Конечно, много было сделано снимков. Особенно детям дяди Йозефа, двоюродного брата моей матери, приходилось то и дело позировать перед разрушенным амбаром, потому что так хотелось Линде. А под вечер мы поехали на автобусе в Картхауз, навестить тетиного брата, моего двоюродного деда Клеменса, брата моей покойной бабушки с материнской стороны, и его Ленхен, урожденную Сторош: двойное родство. Вот это была встреча! «Эх, парнишка, какая жалость, что твоей бедной мамочке суждено было так погибнуть. Совсем, помню, с ума сходила из-за твоих молочных зубов, хранила их, берегла. Все пропало. У меня тоже ничего не осталось, только аккордеон да пианино, Альфонс играет на них, младшенький нашего Яна. Потом послушаем…»
Домашнему концерту еще раз предшествовала консервированная курятина, а к ней картофельная самогонка, которую, учитывая благородство моей невесты, испоганили мятой. (А ведь кашубы – древний культурный народ, более древний, чем поляки, родственный лужицким сербам. Кашубский язык, один из старых славянских языков, медленно вымирает. Тетя Хедвиг и дядя Клеменс со своей Ленхен еще говорили на нем, а вот Альфонс, флегматичный малый под тридцать, не знал ни старого языка, ни кашубского говора западнопрусского диалекта и лишь изредка отваживался вставить какое-нибудь польское слово.

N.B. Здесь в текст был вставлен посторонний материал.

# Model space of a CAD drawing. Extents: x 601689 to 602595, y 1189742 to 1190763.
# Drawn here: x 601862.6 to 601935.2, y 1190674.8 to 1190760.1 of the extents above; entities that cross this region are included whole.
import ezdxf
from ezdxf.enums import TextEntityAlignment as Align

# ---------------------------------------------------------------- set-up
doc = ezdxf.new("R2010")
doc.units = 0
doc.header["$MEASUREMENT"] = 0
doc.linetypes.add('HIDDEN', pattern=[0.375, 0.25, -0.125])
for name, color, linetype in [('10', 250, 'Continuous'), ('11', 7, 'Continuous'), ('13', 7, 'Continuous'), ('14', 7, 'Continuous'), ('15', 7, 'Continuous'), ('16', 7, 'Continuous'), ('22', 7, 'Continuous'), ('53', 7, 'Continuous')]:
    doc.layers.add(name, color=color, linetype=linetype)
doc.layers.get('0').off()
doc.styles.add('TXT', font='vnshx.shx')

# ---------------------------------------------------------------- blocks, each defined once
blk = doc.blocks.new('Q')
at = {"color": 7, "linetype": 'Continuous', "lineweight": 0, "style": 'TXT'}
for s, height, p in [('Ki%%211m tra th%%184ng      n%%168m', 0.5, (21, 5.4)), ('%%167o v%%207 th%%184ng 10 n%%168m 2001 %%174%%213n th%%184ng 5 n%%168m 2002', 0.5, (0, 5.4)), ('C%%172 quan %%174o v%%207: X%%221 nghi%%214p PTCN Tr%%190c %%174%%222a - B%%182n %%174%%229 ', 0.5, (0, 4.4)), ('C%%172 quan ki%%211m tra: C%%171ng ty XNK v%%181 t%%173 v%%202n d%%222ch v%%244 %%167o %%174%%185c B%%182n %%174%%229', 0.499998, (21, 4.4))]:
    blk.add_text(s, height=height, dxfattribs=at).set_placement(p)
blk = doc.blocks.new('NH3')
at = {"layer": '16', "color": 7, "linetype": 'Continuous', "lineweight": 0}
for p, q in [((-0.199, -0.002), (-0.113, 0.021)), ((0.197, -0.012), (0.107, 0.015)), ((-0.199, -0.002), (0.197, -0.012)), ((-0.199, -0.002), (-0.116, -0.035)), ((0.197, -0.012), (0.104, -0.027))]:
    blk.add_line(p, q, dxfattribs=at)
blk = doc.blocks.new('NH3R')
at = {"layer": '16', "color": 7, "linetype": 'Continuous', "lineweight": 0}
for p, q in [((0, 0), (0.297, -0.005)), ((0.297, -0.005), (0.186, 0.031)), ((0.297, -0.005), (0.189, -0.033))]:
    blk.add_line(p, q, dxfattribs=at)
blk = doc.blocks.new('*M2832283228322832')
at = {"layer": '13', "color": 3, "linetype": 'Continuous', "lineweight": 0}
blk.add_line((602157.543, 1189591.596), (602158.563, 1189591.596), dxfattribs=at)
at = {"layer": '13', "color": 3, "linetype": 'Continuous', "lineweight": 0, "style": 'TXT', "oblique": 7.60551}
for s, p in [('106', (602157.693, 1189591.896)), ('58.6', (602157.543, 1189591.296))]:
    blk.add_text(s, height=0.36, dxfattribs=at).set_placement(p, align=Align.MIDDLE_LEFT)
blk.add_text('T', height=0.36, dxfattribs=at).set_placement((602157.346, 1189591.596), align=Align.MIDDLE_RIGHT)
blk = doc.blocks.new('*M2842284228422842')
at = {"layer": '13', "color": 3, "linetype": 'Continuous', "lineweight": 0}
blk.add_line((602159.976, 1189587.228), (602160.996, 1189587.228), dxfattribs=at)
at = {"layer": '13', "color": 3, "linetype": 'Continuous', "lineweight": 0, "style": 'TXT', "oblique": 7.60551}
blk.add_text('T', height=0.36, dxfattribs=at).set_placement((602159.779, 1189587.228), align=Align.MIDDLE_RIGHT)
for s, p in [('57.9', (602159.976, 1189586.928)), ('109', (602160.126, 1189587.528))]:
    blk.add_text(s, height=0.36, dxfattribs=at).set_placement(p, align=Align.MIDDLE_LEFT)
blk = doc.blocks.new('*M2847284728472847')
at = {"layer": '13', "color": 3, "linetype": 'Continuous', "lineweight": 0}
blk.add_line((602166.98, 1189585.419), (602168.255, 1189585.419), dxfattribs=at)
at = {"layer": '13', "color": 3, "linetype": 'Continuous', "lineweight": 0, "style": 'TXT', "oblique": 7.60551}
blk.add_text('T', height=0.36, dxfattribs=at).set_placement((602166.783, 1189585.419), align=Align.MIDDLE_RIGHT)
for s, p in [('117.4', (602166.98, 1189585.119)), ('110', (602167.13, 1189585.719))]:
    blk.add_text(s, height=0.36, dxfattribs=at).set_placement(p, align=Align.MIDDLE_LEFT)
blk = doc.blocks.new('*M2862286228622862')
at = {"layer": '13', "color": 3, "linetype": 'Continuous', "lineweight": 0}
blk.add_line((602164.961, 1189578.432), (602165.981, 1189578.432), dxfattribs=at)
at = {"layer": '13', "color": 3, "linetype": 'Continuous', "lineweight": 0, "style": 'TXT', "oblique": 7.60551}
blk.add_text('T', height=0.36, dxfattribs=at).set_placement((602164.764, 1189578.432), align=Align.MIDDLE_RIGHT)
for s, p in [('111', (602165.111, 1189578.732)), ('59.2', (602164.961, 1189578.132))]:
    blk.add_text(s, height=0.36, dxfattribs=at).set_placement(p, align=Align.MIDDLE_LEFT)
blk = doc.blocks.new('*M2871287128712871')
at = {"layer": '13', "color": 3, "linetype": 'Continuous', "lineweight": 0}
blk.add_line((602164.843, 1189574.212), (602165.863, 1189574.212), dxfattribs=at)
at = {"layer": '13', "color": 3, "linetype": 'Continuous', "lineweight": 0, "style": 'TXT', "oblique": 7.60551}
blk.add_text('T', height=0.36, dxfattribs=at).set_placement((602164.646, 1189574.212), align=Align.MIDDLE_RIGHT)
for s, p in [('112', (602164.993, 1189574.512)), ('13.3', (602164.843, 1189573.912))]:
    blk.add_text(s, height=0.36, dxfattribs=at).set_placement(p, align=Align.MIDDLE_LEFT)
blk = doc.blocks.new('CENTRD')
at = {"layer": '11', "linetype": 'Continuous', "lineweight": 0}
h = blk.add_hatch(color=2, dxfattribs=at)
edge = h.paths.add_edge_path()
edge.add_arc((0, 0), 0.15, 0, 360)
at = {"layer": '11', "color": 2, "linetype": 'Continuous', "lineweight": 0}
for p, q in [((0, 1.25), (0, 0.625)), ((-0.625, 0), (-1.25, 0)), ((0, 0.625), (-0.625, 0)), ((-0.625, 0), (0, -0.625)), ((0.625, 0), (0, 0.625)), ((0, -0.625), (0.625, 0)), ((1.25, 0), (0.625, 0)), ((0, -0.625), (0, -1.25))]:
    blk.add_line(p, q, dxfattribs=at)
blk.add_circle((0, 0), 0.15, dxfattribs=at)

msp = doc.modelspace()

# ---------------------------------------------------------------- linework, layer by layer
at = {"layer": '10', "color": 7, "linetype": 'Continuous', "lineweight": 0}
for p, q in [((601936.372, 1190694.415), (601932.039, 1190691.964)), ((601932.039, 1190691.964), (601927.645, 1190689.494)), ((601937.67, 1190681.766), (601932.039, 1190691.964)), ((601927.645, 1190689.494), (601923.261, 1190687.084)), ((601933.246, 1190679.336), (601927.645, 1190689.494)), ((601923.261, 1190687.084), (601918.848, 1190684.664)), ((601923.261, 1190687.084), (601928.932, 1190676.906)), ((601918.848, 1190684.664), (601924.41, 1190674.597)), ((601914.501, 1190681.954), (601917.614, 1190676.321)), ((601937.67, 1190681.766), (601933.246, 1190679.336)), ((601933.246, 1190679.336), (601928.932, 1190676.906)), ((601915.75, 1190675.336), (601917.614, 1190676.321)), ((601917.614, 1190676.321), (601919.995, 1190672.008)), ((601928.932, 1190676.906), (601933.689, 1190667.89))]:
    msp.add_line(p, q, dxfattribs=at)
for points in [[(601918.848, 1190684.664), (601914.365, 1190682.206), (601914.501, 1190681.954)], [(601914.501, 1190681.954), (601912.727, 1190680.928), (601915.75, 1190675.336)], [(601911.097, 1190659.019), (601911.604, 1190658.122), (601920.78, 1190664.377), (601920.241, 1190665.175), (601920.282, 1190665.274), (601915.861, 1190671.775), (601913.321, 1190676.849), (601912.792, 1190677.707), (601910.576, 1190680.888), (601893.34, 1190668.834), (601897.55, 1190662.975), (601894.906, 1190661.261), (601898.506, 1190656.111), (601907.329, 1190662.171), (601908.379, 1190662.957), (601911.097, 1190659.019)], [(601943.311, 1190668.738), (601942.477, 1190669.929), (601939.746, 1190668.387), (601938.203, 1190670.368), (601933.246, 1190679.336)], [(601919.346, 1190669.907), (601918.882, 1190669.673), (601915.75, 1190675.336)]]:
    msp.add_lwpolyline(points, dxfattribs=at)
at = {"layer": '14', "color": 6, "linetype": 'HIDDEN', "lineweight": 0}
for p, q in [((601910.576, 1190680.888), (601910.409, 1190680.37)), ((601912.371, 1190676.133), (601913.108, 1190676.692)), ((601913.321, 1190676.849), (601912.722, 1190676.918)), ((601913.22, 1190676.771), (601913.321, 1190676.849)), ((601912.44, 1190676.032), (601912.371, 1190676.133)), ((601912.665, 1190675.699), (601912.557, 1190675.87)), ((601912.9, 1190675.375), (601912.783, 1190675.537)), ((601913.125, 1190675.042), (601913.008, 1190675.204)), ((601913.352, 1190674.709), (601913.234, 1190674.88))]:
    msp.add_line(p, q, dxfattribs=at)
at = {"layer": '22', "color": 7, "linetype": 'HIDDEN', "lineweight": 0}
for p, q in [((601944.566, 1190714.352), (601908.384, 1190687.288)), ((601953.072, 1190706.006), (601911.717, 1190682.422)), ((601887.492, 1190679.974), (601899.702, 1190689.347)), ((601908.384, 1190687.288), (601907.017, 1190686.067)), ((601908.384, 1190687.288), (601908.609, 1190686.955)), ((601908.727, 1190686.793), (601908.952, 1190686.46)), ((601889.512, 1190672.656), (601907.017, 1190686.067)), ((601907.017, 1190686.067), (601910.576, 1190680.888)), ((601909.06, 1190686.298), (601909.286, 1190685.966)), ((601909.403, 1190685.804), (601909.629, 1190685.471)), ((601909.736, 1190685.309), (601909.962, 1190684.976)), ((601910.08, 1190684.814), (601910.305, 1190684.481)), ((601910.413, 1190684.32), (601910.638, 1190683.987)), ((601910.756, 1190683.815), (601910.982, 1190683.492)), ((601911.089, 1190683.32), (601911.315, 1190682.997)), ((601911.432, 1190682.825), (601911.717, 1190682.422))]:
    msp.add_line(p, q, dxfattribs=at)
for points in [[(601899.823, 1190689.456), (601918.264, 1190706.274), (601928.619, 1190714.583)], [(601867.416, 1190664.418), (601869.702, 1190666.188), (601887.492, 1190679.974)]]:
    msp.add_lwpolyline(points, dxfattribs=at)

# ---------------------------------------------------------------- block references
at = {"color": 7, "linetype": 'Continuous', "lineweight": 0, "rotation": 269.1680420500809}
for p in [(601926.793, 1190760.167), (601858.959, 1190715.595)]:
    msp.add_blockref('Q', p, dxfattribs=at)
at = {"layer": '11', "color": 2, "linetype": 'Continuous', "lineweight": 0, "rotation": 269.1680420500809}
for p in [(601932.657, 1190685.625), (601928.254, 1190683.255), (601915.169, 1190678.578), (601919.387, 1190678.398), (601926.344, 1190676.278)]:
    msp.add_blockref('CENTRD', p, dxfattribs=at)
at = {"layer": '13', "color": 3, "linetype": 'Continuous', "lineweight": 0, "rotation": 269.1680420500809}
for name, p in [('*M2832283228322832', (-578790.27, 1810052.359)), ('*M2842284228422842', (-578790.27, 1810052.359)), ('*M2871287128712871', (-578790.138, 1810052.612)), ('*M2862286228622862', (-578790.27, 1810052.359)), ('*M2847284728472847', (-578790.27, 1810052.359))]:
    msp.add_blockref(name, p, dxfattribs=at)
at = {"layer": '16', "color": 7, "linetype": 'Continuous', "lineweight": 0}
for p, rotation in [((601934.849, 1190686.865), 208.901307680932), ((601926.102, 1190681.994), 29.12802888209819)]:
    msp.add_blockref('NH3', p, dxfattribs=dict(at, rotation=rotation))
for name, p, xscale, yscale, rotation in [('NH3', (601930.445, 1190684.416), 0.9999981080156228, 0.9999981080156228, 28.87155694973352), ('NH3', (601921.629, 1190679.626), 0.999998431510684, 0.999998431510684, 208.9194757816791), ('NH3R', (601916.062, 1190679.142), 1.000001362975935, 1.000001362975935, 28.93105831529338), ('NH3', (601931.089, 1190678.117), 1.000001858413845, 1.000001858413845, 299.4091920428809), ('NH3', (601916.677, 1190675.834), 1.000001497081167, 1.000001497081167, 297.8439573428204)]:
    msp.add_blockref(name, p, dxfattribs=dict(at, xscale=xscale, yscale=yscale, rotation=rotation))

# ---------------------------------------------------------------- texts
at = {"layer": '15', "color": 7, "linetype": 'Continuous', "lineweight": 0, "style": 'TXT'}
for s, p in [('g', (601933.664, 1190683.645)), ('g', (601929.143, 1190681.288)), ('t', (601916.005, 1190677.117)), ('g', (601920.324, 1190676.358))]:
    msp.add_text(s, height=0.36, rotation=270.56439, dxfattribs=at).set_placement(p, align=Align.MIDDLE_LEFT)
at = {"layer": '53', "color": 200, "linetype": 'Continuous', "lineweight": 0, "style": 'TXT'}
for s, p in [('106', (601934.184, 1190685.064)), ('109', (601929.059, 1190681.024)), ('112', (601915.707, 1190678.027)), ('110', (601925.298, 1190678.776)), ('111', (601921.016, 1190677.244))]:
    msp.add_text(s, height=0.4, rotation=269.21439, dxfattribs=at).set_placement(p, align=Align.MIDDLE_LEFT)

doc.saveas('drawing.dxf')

Тем не менее лингвистам-славистам стоило бы создать все еще отсутствующую грамматику кашубского языка. Коперник – Кубник или Копник – родом не поляк и не немец, а скорее кашуб.)
Поскольку ужин прошел довольно тихо – Линдин литературный язык всех сковывал, а я лишь неуверенно подпускал говорок данцигского предместья, – дядюшка Клеменс, чья педагогическая бодрость и передалась мне по материнской линии, сказал: «Знаете, ребятки, что толку горевать. Раз мы живы, надо учиться жить. Споем-ка лучше, да так, чтобы чашки зазвенели в шкафу».
Это мы и сделали всей семьей: моя двоюродная бабушка Хедвиг, ее дочь Зельма – двоюродная сестра моей матери, – ее чахоточный, кашляющий и потому нетрудоспособный муж по имени Зигесмунд, мой двоюродный дед Клеменс со своей Ленхен и их внук – мой троюродный брат – Альфонс, у которого созревал нарыв на седалище, отчего он не хотел сесть за пианино – но вынужден был подчиниться: «Ну-ка, Фоне, не чинись. Жарь по клавишам», – и по-родственному, как почти поженившиеся, усаженные в серединке, моя невеста и я. Мы пели под аккомпанемент двоюродного деда с аккордеоном и устроившегося у пианино лишь на одной ягодице Альфонса часа два – больше всего песню «Лес вокруг, лес вокруг! Сердце бьется: тук-тук-тук…» и пили шибавший в нос мятой картофельный самогон.